● What to work on: Up to and including the line that contains "210.004470007), (-142.820532651, 203.968859028))", repeat each line of the data exactly, starting from the first.

● Task data:
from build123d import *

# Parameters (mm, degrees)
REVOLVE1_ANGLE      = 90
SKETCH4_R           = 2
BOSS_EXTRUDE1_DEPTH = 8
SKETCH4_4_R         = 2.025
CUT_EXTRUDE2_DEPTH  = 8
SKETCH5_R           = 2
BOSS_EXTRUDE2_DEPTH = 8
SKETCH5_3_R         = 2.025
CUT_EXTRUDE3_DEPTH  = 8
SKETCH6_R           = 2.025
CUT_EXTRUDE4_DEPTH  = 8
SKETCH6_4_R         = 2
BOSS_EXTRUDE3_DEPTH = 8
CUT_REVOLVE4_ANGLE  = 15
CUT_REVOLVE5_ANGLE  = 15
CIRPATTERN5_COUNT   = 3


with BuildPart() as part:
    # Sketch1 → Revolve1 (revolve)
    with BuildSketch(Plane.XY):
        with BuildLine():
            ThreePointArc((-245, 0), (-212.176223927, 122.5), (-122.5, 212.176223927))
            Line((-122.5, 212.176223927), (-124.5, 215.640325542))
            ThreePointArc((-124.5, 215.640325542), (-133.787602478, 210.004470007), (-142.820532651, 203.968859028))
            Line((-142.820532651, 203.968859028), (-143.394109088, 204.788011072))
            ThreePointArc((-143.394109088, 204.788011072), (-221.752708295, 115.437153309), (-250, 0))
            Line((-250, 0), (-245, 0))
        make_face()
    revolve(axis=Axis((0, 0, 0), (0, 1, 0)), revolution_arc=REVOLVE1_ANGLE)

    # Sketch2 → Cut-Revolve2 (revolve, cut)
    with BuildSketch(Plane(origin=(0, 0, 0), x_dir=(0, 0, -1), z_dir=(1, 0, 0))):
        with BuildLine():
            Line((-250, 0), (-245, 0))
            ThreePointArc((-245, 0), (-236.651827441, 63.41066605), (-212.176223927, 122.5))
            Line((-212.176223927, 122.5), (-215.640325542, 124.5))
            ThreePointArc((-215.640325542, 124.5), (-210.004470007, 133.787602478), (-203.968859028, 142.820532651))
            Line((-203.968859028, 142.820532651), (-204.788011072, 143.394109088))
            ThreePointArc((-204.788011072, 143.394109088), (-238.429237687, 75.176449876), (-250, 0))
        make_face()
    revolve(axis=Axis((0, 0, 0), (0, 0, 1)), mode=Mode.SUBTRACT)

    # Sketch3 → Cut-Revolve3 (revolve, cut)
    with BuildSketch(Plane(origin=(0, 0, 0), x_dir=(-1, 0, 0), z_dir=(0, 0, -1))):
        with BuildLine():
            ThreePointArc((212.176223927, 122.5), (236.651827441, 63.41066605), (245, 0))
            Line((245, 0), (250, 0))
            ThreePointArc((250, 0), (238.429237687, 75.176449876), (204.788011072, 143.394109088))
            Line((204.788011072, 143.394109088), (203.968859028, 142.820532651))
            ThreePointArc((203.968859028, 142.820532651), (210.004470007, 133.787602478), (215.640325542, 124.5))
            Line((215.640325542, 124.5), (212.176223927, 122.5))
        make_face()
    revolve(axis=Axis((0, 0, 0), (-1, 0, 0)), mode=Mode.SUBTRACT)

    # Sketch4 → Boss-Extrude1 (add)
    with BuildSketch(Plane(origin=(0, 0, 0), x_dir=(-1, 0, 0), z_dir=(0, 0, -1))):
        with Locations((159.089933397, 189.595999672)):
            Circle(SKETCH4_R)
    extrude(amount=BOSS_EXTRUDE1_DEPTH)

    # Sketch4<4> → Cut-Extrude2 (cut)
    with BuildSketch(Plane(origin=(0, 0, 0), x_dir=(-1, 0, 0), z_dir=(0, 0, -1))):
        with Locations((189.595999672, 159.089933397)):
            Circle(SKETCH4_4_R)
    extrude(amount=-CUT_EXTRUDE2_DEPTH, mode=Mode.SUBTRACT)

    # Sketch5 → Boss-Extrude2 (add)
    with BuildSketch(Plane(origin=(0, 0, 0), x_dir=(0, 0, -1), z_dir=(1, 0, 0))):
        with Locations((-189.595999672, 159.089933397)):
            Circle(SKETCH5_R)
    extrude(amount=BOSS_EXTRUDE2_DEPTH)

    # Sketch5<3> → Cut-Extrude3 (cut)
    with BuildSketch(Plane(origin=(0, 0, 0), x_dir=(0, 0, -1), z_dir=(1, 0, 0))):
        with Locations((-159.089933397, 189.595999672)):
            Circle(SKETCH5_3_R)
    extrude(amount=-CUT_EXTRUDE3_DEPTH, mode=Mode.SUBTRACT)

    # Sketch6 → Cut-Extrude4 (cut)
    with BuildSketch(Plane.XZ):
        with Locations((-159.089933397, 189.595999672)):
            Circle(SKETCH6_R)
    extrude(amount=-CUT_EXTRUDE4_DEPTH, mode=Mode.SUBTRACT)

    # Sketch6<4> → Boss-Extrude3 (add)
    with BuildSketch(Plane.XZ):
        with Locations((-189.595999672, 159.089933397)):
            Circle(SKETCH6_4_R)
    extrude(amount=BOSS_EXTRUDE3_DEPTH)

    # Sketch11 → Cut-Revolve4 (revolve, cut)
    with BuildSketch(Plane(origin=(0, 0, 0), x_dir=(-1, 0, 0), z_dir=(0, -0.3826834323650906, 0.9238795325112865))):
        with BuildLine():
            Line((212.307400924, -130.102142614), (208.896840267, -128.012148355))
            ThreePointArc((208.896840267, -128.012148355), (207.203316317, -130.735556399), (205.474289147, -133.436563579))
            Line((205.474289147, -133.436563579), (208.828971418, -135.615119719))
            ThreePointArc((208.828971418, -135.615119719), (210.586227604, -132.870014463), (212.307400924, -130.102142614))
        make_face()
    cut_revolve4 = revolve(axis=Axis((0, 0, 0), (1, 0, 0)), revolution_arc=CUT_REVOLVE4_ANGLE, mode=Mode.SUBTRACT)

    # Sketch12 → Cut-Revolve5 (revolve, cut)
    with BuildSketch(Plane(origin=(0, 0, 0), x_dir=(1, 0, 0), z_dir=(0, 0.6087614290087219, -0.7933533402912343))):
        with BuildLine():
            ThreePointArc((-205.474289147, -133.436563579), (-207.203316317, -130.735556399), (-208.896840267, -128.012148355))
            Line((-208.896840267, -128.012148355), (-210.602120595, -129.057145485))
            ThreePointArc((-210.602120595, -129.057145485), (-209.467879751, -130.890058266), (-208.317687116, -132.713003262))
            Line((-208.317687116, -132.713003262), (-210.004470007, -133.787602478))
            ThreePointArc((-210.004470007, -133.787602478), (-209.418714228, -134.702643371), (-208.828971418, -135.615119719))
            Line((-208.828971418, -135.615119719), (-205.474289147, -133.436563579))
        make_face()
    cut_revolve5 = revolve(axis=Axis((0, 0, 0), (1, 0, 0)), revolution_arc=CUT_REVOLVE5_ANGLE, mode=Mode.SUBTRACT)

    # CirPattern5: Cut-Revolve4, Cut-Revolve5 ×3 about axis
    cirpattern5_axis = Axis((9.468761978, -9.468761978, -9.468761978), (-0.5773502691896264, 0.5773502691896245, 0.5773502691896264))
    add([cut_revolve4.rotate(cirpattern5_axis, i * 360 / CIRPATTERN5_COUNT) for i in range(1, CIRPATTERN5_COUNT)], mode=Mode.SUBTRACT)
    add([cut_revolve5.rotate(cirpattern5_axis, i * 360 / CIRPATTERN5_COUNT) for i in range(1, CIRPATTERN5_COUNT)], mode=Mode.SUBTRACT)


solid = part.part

● Solved exercise:
from build123d import *

# Parameters (mm, degrees)
REVOLVE1_ANGLE      = 90
SKETCH4_R           = 2
BOSS_EXTRUDE1_DEPTH = 8
SKETCH4_4_R         = 2.025
CUT_EXTRUDE2_DEPTH  = 8
SKETCH5_R           = 2
BOSS_EXTRUDE2_DEPTH = 8
SKETCH5_3_R         = 2.025
CUT_EXTRUDE3_DEPTH  = 8
SKETCH6_R           = 2.025
CUT_EXTRUDE4_DEPTH  = 8
SKETCH6_4_R         = 2
BOSS_EXTRUDE3_DEPTH = 8
CUT_REVOLVE4_ANGLE  = 15
CUT_REVOLVE5_ANGLE  = 15
CIRPATTERN5_COUNT   = 3


with BuildPart() as part:
    # Sketch1 → Revolve1 (revolve)
    with BuildSketch(Plane.XY):
        with BuildLine():
            ThreePointArc((-245, 0), (-212.176223927, 122.5), (-122.5, 212.176223927))
            Line((-122.5, 212.176223927), (-124.5, 215.640325542))
            ThreePointArc((-124.5, 215.640325542), (-133.787602478, 210.004470007), (-142.820532651, 203.968859028))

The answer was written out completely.